(Input data begins)
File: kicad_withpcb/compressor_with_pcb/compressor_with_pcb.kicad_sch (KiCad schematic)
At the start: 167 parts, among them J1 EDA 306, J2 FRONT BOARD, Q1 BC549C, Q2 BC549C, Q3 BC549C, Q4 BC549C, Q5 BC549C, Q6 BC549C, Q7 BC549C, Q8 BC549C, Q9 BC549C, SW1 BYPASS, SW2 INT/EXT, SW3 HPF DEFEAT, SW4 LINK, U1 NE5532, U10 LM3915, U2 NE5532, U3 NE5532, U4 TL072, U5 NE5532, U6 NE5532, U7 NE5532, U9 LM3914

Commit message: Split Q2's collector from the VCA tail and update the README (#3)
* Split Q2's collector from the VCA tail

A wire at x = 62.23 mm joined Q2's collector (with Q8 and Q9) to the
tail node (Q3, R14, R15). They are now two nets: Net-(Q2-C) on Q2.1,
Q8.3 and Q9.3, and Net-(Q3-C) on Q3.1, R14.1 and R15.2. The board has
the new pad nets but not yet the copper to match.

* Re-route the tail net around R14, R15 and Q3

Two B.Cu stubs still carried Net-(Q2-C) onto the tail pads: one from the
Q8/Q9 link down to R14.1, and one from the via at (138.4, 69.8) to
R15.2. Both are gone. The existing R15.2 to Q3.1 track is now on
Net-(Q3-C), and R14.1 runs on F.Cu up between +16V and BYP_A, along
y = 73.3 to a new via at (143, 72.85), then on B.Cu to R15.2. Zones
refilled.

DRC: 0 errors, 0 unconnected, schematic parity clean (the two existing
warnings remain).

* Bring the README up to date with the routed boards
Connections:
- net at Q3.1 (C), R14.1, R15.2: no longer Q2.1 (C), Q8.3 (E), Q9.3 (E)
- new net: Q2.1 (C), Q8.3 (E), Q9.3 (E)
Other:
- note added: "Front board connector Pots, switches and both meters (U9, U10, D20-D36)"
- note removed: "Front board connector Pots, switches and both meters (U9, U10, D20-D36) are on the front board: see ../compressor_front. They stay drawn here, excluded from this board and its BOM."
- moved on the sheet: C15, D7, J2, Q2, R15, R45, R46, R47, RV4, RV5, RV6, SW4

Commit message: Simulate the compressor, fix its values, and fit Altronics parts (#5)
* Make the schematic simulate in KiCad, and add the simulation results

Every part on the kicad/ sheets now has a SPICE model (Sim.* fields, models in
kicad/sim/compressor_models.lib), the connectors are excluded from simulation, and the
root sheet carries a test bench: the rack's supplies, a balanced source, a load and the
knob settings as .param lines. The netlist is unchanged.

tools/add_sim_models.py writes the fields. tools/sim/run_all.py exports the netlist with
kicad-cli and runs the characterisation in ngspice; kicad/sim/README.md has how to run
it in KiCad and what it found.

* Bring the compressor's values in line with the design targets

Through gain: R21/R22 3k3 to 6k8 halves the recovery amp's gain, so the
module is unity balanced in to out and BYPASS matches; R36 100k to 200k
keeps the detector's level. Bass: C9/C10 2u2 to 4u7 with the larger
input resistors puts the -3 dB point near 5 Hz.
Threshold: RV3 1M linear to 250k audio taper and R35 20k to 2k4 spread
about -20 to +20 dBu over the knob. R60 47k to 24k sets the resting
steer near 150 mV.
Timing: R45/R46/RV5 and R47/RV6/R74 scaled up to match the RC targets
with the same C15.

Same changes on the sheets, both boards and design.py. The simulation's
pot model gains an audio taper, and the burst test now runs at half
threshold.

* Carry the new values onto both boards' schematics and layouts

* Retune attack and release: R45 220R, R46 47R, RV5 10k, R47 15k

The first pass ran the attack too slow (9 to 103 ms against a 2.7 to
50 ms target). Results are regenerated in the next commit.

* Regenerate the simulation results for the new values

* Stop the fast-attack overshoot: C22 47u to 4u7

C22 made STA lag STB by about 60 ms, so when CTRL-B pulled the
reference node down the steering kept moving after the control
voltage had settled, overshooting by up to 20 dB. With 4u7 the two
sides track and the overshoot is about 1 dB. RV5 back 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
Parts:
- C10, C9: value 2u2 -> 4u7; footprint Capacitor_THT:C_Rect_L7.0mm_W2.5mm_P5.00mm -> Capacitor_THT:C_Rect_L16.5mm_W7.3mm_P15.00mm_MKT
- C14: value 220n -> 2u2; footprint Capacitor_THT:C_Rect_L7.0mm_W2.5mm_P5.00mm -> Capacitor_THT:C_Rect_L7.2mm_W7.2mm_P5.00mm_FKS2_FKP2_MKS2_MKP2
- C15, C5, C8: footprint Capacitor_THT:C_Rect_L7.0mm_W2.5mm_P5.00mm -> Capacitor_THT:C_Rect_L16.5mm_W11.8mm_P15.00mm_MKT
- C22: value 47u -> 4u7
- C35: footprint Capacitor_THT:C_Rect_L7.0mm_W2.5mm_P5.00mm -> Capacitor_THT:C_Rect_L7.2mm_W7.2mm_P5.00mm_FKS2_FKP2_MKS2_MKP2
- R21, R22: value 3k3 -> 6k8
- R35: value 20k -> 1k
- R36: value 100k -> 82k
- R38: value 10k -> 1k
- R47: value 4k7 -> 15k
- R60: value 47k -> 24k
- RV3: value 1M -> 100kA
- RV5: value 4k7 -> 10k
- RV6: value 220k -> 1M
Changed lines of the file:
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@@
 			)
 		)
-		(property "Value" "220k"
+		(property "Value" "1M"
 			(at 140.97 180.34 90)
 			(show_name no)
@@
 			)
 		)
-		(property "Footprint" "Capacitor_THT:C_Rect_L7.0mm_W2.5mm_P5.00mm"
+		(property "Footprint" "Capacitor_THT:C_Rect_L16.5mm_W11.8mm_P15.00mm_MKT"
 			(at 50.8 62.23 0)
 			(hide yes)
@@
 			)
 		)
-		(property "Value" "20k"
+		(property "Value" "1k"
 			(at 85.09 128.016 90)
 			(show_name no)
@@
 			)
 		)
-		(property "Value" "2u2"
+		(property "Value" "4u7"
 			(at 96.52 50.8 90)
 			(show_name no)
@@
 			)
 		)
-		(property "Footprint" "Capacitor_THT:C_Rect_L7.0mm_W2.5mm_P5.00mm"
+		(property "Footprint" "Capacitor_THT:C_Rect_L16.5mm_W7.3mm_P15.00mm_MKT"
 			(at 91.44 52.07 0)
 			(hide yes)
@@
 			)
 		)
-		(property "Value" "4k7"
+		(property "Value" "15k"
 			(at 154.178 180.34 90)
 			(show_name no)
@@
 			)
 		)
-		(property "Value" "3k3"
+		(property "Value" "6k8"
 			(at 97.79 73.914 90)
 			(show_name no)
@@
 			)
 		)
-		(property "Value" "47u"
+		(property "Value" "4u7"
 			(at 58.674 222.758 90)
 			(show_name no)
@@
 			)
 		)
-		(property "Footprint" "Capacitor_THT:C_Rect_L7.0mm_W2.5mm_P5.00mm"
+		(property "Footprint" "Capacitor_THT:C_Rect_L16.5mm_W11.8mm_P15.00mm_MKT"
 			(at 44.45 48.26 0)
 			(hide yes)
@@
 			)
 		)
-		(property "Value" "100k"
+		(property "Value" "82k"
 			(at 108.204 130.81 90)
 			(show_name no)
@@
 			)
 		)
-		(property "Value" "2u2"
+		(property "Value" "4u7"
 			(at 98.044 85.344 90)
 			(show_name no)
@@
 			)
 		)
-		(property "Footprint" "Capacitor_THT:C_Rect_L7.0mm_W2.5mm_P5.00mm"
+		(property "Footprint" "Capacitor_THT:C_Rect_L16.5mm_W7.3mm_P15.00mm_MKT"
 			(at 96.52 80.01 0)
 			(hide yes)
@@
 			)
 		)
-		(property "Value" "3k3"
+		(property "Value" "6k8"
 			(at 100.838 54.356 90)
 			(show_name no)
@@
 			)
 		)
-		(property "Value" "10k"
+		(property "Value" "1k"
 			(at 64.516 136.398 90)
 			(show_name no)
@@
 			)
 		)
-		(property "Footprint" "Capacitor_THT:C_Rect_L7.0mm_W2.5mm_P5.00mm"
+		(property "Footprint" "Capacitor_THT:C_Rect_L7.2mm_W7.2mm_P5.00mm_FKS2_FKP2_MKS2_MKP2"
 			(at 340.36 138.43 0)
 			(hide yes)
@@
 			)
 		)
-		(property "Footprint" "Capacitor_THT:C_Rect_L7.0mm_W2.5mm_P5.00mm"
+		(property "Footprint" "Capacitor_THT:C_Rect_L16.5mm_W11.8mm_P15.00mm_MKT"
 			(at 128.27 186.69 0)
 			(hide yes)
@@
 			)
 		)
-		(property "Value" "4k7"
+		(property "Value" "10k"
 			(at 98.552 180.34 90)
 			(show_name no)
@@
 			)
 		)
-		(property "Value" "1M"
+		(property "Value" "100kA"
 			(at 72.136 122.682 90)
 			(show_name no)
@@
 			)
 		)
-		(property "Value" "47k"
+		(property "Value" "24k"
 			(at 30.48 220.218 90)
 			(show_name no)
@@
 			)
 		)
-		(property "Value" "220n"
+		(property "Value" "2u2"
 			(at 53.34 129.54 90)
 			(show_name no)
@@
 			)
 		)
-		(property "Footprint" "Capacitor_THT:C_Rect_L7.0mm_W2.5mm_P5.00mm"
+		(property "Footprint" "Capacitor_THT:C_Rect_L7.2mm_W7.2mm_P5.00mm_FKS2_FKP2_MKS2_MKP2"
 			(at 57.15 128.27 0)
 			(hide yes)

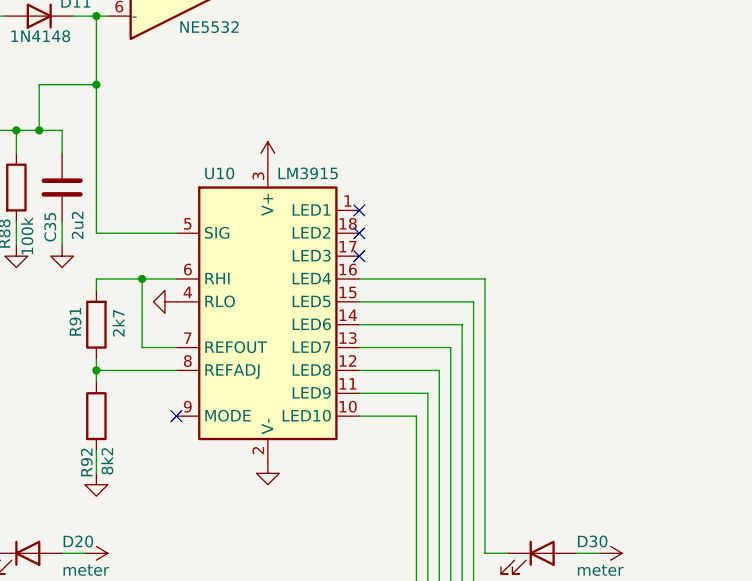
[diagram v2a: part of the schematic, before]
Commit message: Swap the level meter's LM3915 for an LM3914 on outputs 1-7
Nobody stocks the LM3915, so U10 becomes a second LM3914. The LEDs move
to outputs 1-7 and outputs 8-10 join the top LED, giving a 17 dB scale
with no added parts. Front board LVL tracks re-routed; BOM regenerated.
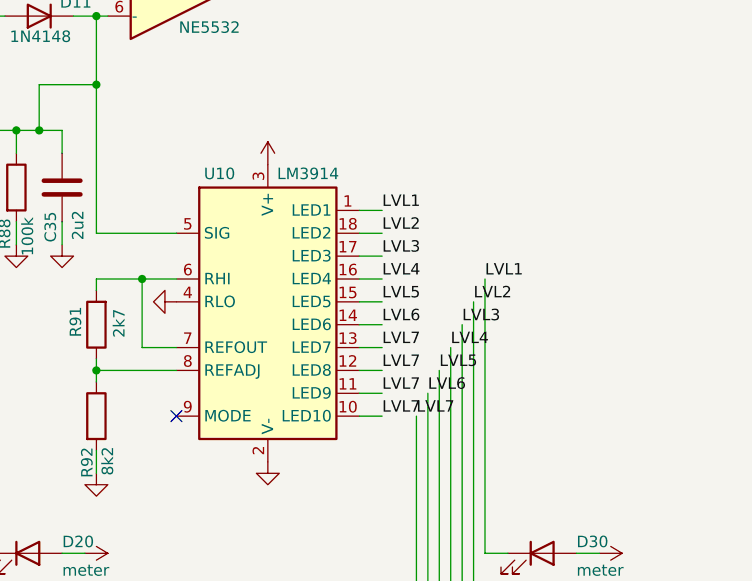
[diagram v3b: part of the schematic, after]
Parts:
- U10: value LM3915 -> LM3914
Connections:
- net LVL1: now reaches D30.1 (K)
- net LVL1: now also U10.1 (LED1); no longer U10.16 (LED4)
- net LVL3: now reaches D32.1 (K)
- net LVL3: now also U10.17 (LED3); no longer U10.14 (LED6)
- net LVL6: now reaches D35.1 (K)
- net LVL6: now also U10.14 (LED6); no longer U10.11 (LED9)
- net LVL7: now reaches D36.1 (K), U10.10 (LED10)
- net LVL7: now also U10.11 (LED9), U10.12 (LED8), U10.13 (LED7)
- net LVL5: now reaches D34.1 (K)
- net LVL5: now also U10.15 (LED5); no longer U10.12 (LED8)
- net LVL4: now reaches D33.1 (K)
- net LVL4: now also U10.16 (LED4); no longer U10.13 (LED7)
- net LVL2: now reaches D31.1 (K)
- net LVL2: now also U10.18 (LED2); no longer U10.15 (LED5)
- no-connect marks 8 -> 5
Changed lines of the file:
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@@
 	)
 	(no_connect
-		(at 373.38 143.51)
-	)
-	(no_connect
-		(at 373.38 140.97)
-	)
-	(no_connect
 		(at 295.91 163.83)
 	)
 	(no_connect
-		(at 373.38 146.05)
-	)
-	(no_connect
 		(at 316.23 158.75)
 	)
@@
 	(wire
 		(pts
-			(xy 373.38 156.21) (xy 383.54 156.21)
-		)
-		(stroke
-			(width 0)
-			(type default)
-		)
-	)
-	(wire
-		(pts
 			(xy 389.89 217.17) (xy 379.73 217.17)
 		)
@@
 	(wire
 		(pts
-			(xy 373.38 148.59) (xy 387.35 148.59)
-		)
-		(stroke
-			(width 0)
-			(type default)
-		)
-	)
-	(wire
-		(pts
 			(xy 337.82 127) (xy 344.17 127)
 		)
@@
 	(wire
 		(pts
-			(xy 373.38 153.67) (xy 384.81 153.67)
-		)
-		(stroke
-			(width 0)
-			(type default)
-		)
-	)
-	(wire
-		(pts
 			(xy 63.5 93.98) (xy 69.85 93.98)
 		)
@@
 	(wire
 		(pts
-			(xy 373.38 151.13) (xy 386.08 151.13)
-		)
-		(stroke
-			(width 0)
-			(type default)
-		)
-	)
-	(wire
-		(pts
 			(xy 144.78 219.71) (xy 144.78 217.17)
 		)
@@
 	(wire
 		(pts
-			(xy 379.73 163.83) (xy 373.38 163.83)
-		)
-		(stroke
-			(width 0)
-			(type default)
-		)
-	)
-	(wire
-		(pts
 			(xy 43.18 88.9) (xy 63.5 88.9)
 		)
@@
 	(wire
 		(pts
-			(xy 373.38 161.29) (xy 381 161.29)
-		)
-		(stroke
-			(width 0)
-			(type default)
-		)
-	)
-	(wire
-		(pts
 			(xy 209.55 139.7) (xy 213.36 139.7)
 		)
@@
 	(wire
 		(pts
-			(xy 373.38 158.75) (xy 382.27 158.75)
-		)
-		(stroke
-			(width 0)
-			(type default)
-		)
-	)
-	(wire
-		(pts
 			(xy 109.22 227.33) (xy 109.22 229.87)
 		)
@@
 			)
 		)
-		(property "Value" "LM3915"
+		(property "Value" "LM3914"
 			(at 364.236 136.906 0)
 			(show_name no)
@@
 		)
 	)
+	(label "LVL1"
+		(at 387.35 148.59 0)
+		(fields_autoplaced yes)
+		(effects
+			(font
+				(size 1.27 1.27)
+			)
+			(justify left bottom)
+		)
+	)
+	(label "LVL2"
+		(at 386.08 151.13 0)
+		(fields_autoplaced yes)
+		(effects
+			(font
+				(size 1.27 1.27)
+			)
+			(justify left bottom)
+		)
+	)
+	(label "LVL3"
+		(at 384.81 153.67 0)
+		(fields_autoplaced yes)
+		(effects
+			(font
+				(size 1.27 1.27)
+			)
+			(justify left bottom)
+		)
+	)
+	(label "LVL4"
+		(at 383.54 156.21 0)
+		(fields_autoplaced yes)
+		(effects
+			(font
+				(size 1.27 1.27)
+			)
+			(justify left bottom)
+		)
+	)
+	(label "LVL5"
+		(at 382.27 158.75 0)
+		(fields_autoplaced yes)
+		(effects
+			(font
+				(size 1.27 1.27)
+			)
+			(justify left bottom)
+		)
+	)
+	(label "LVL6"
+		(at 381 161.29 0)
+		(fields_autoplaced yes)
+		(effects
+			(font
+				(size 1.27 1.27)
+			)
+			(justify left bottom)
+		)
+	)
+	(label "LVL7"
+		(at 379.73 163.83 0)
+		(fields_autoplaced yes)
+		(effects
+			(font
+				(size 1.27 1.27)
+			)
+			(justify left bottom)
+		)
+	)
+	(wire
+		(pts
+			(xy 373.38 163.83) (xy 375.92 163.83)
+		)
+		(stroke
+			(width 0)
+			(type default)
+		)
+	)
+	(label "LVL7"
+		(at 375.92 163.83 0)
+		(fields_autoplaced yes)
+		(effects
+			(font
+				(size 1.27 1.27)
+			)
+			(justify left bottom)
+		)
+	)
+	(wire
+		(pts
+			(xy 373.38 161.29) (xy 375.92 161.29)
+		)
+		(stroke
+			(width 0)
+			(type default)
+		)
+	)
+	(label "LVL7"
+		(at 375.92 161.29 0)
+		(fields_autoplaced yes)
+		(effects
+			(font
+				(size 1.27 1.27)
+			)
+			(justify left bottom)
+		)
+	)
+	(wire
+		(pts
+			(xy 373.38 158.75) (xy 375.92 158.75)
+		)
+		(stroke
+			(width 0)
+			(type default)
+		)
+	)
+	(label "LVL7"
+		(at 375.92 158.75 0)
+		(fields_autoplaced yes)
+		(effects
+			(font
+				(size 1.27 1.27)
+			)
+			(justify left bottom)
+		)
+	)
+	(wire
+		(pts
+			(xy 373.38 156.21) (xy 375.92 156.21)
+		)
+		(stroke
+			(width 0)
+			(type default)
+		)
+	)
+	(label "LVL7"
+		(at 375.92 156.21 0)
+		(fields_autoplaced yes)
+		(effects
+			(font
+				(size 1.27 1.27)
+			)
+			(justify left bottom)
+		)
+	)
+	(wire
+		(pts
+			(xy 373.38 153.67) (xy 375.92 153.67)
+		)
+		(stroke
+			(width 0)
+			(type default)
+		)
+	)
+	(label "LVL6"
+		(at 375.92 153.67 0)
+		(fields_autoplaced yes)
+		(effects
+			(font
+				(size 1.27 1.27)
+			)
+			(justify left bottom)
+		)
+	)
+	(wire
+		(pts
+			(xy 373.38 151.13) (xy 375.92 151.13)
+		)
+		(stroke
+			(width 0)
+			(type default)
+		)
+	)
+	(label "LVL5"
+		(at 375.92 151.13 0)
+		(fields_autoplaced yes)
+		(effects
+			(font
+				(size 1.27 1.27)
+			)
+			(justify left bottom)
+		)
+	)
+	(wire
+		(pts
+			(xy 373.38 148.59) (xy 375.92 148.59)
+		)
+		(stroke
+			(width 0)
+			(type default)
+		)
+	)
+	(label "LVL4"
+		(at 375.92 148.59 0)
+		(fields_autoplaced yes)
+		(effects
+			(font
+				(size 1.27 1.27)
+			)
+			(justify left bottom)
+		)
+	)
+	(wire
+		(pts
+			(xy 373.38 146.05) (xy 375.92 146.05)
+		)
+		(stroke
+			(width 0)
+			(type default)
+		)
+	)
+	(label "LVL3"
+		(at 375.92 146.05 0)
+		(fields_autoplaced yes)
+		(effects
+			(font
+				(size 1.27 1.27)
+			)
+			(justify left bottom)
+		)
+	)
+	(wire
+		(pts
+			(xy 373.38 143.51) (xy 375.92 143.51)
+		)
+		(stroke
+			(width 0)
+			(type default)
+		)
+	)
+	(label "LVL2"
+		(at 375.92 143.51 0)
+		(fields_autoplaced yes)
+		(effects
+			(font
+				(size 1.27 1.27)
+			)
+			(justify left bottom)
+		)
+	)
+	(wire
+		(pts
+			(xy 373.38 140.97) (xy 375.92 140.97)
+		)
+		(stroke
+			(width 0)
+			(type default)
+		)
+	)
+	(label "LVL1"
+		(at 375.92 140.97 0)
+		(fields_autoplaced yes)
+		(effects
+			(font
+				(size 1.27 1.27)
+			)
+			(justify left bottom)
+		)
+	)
(Input data ends)
- Your instructions: Go line by line through the material above and return each one that includes "balanced".

- Written solution:
root sheet carries a test bench: the rack's supplies, a balanced source, a load and the
module is unity balanced in to out and BYPASS matches; R36 100k to 200k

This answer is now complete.